### What you have to do
Copy each line of the material below that includes the string "ezdxf".

### Data supplied
-=-=-=-=-

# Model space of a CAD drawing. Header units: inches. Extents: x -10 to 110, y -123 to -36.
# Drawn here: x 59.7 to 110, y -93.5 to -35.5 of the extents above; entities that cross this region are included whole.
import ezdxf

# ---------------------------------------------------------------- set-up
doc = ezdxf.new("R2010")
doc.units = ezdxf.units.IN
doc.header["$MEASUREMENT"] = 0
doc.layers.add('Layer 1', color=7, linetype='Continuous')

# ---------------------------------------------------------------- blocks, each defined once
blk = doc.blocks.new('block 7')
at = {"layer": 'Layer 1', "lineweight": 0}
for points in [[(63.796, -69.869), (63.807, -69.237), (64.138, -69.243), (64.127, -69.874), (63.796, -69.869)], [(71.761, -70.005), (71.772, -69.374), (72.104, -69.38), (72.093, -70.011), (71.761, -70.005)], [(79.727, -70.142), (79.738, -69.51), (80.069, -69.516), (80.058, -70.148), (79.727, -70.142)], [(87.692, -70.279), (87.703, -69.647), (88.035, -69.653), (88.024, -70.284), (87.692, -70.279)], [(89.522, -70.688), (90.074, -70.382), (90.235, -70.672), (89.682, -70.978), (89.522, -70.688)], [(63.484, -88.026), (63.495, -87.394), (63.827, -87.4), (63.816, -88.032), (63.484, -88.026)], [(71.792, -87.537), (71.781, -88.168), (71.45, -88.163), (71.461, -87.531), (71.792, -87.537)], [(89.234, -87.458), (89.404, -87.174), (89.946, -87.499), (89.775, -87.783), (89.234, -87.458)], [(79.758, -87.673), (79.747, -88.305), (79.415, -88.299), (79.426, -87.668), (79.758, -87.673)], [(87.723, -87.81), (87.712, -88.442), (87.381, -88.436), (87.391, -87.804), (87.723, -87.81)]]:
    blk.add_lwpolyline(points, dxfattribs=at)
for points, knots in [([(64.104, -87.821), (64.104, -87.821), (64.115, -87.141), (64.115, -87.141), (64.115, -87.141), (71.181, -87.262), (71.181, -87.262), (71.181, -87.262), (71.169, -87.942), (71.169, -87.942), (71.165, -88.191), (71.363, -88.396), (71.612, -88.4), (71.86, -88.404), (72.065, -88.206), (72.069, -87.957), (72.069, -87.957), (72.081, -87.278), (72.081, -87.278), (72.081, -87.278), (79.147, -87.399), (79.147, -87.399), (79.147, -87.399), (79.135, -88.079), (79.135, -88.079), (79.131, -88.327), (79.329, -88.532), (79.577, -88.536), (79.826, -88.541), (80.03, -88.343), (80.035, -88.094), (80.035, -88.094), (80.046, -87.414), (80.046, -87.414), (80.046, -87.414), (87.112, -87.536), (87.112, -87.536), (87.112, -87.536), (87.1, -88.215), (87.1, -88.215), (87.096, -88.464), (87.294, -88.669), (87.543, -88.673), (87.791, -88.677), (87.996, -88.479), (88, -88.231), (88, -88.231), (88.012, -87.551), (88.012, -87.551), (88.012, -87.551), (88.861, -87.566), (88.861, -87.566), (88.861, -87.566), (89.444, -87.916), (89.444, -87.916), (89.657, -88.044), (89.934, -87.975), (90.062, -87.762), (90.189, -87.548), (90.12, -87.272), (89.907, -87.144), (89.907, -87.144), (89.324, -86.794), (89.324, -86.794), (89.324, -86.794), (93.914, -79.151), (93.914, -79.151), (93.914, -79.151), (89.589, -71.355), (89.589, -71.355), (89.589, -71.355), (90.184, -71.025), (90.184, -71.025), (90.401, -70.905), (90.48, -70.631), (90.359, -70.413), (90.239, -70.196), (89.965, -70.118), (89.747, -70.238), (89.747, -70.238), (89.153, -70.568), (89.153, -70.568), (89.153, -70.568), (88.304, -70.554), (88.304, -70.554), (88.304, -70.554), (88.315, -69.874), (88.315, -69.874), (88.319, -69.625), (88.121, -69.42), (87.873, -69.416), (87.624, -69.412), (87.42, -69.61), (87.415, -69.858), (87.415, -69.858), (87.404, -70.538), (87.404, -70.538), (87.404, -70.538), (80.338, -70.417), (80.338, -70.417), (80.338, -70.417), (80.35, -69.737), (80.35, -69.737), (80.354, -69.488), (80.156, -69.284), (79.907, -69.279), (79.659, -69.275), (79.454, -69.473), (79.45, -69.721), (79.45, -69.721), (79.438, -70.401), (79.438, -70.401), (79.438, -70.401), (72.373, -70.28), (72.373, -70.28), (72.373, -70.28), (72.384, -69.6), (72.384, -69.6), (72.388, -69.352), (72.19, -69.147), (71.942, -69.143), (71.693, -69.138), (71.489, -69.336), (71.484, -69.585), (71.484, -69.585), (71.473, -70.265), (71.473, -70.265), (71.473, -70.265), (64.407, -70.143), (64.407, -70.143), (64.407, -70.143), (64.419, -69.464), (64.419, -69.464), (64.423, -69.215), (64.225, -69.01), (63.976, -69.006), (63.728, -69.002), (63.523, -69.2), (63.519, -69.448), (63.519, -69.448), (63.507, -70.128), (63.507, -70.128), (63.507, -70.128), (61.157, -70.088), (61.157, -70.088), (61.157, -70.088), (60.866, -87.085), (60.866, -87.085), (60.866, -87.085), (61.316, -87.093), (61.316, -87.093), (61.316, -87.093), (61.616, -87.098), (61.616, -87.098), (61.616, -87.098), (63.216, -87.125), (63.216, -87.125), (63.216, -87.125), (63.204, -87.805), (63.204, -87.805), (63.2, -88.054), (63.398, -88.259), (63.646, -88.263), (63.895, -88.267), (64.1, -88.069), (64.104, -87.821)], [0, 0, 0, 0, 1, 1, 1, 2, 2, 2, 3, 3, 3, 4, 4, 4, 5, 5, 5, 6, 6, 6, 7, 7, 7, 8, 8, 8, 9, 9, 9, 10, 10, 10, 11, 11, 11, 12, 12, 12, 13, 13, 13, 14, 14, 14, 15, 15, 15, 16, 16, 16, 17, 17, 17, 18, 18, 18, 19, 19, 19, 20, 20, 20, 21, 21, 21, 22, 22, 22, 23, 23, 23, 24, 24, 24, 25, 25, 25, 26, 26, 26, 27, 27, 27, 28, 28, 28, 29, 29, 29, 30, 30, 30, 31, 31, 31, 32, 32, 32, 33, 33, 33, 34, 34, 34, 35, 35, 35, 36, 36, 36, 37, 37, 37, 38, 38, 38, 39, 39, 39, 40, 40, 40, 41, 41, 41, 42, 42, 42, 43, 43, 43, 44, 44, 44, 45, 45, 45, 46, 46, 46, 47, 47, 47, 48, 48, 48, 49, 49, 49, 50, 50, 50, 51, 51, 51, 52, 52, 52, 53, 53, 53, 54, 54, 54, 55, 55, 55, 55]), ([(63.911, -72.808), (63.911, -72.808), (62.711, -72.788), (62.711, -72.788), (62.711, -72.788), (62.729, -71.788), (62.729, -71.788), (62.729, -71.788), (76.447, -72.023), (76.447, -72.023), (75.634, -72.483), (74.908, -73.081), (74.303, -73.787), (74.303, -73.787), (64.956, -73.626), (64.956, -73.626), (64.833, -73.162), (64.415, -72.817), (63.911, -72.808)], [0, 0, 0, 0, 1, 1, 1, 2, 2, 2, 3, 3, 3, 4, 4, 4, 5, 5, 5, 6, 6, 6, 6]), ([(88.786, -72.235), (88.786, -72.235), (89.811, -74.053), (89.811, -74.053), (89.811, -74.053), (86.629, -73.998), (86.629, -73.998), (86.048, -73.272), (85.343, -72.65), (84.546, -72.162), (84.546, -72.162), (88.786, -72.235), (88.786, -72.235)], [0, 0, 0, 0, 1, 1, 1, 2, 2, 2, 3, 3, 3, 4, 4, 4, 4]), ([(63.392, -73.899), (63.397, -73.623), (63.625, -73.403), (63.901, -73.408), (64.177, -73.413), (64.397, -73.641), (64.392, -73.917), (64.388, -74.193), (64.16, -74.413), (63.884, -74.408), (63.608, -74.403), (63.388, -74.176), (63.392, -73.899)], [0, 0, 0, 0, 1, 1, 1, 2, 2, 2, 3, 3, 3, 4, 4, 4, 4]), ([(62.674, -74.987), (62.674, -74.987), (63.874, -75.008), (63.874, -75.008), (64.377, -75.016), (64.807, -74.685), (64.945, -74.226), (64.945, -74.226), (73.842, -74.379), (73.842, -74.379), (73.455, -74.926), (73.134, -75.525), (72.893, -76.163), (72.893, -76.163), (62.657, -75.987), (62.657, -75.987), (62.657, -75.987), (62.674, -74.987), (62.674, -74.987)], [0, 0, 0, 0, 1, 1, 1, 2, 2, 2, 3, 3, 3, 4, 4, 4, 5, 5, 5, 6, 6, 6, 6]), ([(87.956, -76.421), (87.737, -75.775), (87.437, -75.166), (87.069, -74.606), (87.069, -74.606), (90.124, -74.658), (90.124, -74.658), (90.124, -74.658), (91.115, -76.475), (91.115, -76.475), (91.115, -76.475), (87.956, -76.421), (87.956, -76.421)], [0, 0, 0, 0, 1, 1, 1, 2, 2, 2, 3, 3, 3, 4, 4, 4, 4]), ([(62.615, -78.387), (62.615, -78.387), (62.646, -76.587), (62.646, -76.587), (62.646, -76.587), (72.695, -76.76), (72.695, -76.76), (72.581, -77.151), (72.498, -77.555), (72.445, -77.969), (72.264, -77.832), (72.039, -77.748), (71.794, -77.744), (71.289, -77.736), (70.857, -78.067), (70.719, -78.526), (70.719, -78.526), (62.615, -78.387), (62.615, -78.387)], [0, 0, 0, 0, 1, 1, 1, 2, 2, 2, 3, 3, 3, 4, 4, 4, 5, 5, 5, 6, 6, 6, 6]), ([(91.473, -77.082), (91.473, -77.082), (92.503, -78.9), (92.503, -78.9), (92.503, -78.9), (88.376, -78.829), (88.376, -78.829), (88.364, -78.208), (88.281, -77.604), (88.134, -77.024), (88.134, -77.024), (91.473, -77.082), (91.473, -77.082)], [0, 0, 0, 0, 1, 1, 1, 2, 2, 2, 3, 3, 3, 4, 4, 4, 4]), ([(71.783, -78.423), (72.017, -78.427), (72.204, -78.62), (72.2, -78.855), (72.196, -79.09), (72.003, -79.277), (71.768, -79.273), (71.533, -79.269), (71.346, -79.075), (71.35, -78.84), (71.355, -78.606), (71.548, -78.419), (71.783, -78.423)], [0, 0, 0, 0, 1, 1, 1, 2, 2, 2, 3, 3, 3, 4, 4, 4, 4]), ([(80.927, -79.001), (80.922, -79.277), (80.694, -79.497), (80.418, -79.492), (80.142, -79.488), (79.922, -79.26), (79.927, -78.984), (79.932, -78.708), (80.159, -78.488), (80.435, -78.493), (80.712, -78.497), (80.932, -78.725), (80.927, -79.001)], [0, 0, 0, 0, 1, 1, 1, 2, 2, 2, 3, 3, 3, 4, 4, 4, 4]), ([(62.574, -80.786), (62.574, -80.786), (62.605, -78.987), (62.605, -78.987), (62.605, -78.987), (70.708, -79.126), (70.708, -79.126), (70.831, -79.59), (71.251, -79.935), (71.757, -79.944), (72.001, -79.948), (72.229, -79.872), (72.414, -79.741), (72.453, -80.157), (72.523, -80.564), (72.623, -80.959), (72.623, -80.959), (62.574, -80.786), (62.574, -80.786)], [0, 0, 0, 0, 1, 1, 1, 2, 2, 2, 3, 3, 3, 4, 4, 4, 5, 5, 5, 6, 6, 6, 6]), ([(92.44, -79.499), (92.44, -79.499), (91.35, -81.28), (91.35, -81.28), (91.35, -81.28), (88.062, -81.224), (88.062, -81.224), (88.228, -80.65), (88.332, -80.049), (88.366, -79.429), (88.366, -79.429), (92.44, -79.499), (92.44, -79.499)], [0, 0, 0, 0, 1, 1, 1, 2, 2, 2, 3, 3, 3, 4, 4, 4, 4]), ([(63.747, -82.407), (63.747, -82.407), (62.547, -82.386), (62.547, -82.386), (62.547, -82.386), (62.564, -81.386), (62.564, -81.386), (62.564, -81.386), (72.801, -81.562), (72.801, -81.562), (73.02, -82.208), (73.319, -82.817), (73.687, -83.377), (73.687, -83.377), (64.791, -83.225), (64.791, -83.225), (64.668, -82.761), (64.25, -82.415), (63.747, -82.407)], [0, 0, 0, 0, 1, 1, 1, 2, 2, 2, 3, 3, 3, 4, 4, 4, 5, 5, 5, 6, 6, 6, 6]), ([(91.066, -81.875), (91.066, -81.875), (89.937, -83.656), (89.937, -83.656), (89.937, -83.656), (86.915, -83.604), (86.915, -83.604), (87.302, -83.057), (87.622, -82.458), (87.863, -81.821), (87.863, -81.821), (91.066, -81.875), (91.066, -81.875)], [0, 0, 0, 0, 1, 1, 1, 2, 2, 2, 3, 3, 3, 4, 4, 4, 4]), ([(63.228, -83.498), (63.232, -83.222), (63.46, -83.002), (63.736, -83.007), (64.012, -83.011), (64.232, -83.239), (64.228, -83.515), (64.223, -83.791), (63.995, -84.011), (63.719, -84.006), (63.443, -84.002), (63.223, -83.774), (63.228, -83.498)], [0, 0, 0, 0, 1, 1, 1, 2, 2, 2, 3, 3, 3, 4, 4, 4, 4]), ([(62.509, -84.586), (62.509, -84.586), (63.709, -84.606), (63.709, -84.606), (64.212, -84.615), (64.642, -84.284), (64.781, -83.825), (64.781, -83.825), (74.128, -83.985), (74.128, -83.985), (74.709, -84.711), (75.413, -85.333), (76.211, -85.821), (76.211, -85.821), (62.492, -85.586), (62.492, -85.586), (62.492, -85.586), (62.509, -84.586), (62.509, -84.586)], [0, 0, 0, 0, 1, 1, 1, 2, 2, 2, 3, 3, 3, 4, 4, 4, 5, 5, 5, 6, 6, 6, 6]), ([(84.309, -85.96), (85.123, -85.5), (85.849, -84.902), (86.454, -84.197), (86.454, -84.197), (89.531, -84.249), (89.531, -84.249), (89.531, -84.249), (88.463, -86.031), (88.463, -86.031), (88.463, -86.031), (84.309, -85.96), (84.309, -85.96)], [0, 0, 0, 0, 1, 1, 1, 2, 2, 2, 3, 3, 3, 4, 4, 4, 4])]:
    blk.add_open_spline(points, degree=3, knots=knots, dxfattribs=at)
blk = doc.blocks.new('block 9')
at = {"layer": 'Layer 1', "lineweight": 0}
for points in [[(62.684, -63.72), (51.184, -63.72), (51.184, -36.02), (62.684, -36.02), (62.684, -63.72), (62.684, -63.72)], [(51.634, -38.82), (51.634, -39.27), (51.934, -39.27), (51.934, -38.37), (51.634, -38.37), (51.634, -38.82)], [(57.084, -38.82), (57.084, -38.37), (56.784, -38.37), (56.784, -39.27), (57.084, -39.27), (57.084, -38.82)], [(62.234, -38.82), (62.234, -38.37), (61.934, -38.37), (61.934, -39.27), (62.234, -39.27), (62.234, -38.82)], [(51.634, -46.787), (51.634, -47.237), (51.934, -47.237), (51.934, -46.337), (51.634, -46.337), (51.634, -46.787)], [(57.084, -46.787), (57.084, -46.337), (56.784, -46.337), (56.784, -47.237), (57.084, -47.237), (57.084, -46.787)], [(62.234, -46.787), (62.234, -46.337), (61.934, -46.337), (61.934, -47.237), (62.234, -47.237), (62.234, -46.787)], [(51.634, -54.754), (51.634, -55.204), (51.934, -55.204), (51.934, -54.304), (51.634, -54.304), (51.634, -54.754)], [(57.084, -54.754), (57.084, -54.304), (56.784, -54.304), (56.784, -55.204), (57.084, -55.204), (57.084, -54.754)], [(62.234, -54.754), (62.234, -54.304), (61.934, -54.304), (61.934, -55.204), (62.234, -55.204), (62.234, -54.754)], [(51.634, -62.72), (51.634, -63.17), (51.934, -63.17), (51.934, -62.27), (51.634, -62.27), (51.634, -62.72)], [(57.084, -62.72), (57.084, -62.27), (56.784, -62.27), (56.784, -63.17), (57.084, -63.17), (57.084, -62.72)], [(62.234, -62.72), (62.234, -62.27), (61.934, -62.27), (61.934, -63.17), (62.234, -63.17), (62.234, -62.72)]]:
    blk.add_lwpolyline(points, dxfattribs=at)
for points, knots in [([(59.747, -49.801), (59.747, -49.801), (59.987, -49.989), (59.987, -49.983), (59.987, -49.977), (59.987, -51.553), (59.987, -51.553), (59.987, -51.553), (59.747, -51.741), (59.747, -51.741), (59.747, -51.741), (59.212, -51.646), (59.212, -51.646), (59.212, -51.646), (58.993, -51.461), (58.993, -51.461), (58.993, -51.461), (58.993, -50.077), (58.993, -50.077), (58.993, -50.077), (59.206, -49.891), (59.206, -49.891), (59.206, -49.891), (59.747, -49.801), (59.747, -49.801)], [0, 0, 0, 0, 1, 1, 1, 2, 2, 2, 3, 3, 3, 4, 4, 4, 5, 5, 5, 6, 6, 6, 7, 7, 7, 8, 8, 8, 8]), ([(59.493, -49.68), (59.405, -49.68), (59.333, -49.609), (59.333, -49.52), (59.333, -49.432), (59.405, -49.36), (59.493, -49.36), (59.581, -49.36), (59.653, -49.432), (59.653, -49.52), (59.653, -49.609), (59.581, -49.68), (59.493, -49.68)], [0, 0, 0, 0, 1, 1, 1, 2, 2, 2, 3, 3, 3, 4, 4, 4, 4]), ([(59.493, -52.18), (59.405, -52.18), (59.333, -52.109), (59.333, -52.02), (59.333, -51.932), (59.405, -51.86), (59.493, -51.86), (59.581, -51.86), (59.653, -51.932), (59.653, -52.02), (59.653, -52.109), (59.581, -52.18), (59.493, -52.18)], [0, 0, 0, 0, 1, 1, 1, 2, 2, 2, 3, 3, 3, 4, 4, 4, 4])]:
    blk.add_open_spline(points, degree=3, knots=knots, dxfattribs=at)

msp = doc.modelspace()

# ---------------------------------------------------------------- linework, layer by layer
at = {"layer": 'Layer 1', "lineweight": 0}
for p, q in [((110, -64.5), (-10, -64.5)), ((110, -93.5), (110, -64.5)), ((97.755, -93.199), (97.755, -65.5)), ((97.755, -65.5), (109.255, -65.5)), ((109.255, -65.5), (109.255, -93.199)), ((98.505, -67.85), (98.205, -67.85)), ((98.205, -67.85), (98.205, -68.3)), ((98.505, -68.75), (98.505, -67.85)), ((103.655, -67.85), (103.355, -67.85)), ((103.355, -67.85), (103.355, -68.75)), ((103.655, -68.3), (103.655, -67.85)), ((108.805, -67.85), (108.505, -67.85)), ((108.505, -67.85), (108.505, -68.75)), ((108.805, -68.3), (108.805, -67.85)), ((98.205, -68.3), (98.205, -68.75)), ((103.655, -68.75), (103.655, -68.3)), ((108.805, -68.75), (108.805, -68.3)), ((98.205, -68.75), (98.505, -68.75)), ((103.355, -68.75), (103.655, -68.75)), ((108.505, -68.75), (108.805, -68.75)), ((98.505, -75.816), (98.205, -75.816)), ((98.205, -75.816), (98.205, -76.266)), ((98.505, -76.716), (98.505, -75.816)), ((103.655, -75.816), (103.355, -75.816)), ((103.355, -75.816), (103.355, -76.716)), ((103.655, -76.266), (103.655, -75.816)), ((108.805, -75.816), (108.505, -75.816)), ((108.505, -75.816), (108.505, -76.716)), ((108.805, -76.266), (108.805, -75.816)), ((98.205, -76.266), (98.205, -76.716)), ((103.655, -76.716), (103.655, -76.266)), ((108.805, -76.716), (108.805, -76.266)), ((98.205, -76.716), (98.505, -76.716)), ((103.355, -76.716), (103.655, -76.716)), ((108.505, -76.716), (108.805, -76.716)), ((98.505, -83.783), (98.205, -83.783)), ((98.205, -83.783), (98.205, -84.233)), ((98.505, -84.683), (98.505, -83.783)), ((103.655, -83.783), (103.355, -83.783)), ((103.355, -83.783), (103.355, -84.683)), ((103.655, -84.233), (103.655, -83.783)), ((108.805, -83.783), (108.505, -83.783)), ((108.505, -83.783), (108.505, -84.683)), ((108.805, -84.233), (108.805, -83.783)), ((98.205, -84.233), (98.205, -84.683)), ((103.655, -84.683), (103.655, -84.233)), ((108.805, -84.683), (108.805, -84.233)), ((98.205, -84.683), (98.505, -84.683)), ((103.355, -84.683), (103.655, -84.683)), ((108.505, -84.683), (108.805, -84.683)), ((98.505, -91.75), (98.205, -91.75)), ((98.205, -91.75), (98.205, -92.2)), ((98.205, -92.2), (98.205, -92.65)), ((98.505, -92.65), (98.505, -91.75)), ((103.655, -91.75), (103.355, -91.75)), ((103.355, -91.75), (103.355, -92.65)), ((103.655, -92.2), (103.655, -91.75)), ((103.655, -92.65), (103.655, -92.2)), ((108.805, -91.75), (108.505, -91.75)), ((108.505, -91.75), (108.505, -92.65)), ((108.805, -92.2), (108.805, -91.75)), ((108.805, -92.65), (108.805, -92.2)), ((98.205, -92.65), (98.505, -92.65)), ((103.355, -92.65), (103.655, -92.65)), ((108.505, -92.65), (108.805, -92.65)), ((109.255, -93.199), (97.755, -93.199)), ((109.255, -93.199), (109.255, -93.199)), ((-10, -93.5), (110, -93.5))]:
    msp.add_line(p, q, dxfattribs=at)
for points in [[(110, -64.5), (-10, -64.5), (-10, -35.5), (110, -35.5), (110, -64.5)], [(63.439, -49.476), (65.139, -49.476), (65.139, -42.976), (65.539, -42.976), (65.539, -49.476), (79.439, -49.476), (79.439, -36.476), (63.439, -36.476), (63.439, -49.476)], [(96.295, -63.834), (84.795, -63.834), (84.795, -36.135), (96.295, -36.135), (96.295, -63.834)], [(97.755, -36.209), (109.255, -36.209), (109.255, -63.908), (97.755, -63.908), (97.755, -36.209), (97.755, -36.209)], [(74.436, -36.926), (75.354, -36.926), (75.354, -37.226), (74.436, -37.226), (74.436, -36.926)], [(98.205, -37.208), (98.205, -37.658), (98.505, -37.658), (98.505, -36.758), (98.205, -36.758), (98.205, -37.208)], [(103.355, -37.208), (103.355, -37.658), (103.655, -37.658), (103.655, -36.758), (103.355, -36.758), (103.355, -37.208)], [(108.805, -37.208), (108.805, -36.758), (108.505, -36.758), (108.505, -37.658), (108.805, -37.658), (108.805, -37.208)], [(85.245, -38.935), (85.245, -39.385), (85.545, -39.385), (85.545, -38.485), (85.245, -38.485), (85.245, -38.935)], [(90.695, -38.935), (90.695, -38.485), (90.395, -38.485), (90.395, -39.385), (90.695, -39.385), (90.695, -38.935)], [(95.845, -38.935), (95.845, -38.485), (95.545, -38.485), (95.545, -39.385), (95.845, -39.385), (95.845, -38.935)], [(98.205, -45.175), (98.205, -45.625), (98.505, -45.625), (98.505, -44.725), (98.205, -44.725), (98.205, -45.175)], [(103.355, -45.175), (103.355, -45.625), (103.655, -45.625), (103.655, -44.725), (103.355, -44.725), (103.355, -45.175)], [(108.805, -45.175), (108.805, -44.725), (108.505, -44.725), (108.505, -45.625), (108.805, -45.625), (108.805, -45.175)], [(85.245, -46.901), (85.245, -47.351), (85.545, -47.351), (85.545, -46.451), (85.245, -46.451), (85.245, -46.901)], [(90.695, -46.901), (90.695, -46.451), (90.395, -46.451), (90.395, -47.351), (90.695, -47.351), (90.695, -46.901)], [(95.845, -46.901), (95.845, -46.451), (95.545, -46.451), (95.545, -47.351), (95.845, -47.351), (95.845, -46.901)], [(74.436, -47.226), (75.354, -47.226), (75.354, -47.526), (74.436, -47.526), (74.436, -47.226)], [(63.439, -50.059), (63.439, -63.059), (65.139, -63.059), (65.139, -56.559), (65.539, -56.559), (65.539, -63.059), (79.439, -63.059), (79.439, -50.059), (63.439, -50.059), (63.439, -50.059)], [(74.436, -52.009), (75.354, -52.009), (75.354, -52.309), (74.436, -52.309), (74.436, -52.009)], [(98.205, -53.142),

-=-=-=-=-

### Worked solution
import ezdxf
doc = ezdxf.new("R2010")
doc.units = ezdxf.units.IN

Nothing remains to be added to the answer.